**EXERCISE DESCRIPTION**
Copy out each line featuring the string "surface" from the entries beneath.

[Source records]
######

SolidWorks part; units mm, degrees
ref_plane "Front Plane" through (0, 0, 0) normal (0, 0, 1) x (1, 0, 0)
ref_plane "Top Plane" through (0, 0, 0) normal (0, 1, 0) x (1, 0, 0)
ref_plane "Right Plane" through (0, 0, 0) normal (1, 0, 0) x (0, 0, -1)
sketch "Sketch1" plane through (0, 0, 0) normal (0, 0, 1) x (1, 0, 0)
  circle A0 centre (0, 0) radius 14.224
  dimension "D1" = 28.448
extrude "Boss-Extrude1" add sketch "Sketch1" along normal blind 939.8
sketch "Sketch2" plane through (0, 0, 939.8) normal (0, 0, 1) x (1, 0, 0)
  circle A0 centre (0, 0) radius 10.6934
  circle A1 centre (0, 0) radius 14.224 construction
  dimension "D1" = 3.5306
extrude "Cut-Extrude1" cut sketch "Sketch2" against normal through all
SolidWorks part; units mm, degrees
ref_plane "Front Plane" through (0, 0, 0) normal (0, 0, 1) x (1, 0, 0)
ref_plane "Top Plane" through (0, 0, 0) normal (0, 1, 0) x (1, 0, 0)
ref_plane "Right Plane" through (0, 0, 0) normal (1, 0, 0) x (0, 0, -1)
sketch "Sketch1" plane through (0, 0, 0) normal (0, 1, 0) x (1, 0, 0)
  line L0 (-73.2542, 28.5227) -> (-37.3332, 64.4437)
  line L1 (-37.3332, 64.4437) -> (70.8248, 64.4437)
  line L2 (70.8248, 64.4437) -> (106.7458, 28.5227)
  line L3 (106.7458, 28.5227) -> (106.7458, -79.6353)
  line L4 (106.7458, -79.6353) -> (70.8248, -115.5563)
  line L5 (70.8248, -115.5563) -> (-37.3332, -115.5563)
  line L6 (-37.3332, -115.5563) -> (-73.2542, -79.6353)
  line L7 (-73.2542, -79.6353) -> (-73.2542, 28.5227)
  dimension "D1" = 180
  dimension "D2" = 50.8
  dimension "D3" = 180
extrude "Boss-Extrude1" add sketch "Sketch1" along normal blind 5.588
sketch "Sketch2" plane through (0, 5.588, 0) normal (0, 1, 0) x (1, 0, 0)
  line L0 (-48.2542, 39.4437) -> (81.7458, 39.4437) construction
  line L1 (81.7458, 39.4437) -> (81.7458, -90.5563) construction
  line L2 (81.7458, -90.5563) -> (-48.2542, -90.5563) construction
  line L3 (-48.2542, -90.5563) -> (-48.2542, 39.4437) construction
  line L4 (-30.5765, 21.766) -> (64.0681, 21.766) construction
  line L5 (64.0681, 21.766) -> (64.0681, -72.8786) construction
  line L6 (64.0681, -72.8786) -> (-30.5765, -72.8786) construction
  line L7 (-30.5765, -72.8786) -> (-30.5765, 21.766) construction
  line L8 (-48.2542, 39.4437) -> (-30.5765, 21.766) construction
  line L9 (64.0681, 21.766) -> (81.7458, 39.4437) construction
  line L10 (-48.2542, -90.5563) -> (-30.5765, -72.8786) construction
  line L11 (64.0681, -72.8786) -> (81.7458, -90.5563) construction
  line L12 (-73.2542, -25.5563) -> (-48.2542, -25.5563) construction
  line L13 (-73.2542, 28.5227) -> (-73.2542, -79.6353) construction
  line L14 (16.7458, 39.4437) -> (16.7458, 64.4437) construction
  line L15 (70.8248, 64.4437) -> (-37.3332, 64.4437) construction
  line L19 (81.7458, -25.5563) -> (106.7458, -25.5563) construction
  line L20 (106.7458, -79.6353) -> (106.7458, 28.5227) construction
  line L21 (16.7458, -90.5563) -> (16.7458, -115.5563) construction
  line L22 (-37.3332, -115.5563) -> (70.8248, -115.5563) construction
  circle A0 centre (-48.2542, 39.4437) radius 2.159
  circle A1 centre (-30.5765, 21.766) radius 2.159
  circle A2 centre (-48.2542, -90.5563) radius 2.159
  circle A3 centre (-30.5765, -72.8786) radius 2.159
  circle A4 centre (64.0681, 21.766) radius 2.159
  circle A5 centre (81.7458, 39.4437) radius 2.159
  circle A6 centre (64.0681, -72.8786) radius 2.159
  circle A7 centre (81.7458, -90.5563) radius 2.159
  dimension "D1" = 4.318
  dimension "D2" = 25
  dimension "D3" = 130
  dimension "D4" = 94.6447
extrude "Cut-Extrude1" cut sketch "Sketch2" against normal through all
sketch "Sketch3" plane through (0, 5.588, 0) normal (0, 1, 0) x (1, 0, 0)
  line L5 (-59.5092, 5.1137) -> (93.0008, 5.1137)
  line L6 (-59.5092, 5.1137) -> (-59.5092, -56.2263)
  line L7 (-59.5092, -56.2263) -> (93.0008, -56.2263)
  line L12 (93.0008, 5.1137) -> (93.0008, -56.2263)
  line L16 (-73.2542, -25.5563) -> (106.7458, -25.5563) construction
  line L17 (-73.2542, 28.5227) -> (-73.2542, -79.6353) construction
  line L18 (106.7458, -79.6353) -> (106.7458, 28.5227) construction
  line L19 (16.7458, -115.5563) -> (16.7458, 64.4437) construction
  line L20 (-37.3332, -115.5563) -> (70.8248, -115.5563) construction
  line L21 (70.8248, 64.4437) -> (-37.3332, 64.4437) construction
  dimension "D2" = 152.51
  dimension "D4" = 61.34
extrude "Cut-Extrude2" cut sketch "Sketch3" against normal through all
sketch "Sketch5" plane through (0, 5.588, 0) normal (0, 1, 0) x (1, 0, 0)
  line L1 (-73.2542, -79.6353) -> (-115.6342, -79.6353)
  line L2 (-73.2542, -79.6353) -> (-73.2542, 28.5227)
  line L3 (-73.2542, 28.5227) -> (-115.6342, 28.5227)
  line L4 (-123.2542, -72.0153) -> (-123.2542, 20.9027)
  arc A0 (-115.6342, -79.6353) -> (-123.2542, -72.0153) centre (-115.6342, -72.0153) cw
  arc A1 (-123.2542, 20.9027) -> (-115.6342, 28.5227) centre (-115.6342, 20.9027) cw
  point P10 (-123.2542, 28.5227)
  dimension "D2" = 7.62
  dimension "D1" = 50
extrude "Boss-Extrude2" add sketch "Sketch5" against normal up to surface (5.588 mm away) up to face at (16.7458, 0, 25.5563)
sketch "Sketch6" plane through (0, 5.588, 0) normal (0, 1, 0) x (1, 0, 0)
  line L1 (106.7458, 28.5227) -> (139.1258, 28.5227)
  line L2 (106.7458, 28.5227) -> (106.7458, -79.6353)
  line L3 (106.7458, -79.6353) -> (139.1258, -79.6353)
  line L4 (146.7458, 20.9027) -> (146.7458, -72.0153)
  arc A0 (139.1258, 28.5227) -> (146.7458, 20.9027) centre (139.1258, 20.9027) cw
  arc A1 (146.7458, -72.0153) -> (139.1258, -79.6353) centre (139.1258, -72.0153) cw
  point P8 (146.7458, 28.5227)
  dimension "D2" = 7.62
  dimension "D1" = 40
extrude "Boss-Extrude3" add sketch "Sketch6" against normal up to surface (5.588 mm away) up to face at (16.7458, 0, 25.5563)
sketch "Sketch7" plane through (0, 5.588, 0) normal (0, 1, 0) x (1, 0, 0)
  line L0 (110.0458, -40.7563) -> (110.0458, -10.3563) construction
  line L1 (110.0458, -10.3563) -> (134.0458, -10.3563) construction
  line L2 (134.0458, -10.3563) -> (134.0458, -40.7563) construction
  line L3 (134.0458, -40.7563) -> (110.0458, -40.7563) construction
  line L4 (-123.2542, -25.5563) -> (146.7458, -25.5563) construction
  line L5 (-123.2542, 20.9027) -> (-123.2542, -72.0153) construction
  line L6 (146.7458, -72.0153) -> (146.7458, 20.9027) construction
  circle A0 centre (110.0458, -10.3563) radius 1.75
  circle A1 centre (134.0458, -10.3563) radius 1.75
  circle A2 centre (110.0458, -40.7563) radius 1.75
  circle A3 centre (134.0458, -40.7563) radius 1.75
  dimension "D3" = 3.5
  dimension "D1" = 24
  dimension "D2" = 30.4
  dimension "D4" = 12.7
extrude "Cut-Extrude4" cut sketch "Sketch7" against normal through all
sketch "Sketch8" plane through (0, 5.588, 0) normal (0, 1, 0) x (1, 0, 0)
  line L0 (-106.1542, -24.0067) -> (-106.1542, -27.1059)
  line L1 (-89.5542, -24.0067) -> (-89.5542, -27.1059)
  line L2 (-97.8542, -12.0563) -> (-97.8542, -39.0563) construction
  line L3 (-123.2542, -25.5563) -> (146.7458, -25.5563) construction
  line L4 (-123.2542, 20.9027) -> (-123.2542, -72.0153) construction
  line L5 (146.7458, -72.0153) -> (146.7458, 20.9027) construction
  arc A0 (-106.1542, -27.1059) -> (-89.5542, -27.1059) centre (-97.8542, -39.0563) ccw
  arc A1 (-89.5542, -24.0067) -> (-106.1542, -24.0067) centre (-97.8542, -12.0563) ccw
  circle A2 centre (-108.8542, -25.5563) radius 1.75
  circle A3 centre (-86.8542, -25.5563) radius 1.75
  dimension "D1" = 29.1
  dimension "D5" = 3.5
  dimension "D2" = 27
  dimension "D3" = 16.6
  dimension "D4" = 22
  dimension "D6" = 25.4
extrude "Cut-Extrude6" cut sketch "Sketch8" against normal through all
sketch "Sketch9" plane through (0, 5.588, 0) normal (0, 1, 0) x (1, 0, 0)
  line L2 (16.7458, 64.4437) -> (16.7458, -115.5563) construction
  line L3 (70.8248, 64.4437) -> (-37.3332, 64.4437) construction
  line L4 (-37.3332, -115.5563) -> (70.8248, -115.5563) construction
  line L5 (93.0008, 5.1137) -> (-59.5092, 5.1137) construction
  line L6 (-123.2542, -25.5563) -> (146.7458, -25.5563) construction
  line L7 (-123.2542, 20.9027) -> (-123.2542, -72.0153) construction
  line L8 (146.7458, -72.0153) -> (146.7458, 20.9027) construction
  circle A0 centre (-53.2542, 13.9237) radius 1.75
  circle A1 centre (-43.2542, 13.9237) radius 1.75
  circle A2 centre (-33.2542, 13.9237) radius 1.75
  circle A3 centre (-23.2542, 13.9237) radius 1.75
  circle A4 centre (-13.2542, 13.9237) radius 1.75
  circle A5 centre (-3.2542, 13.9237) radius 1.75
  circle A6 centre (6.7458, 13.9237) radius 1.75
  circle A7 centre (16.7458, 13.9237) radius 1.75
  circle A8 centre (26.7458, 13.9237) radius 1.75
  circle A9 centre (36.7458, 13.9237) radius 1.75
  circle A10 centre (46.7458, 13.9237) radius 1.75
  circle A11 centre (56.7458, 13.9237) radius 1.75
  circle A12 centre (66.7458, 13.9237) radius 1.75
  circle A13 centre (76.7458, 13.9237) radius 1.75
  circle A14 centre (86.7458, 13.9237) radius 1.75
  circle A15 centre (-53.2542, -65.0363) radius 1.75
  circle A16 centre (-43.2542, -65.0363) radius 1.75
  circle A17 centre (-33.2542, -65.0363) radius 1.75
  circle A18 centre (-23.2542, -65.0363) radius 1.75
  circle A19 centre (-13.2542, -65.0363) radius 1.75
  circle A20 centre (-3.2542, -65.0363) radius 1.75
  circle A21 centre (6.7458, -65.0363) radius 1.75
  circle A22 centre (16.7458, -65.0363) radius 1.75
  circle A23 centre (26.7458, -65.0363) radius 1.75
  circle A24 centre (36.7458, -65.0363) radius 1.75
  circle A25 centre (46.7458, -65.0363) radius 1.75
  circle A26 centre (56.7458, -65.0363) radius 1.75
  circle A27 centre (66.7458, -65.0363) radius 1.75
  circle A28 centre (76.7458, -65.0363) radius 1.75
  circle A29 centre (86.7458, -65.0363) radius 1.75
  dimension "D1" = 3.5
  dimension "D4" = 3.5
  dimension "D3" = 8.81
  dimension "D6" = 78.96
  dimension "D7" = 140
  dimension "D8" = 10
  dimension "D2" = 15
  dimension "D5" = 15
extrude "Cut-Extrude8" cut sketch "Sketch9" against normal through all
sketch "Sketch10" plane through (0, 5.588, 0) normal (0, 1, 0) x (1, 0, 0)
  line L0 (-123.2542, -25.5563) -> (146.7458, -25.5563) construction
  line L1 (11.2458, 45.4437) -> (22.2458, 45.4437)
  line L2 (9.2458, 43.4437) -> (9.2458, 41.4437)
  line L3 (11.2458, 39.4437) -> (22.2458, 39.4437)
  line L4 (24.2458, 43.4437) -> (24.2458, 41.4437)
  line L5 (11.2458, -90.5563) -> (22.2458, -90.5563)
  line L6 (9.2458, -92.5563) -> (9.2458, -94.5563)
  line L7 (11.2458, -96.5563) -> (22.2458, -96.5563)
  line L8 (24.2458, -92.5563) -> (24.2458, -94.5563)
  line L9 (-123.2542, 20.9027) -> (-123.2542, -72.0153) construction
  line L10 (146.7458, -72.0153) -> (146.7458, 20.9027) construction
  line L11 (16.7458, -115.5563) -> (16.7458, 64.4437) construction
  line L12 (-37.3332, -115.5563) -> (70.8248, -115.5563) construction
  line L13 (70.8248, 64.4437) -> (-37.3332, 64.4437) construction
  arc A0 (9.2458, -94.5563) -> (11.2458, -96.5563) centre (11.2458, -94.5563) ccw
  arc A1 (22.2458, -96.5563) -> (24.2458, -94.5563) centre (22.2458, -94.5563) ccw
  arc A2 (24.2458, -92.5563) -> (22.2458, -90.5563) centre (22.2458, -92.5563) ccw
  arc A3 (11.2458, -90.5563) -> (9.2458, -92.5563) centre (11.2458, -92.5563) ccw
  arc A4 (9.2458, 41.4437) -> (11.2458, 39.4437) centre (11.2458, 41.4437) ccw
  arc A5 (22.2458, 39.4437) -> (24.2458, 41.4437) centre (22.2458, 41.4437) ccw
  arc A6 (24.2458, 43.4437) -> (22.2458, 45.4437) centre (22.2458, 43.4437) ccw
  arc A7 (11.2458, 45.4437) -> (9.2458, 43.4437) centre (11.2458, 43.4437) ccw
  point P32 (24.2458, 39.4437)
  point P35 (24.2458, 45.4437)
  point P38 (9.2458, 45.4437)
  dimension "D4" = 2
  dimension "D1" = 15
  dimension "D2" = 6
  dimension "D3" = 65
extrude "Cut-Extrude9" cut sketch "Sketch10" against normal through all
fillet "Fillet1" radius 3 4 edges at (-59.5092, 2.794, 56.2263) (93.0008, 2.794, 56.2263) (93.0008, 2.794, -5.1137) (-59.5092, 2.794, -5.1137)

######

**TASK ANSWER**
extrude "Boss-Extrude2" add sketch "Sketch5" against normal up to surface (5.588 mm away) up to face at (16.7458, 0, 25.5563)
extrude "Boss-Extrude3" add sketch "Sketch6" against normal up to surface (5.588 mm away) up to face at (16.7458, 0, 25.5563)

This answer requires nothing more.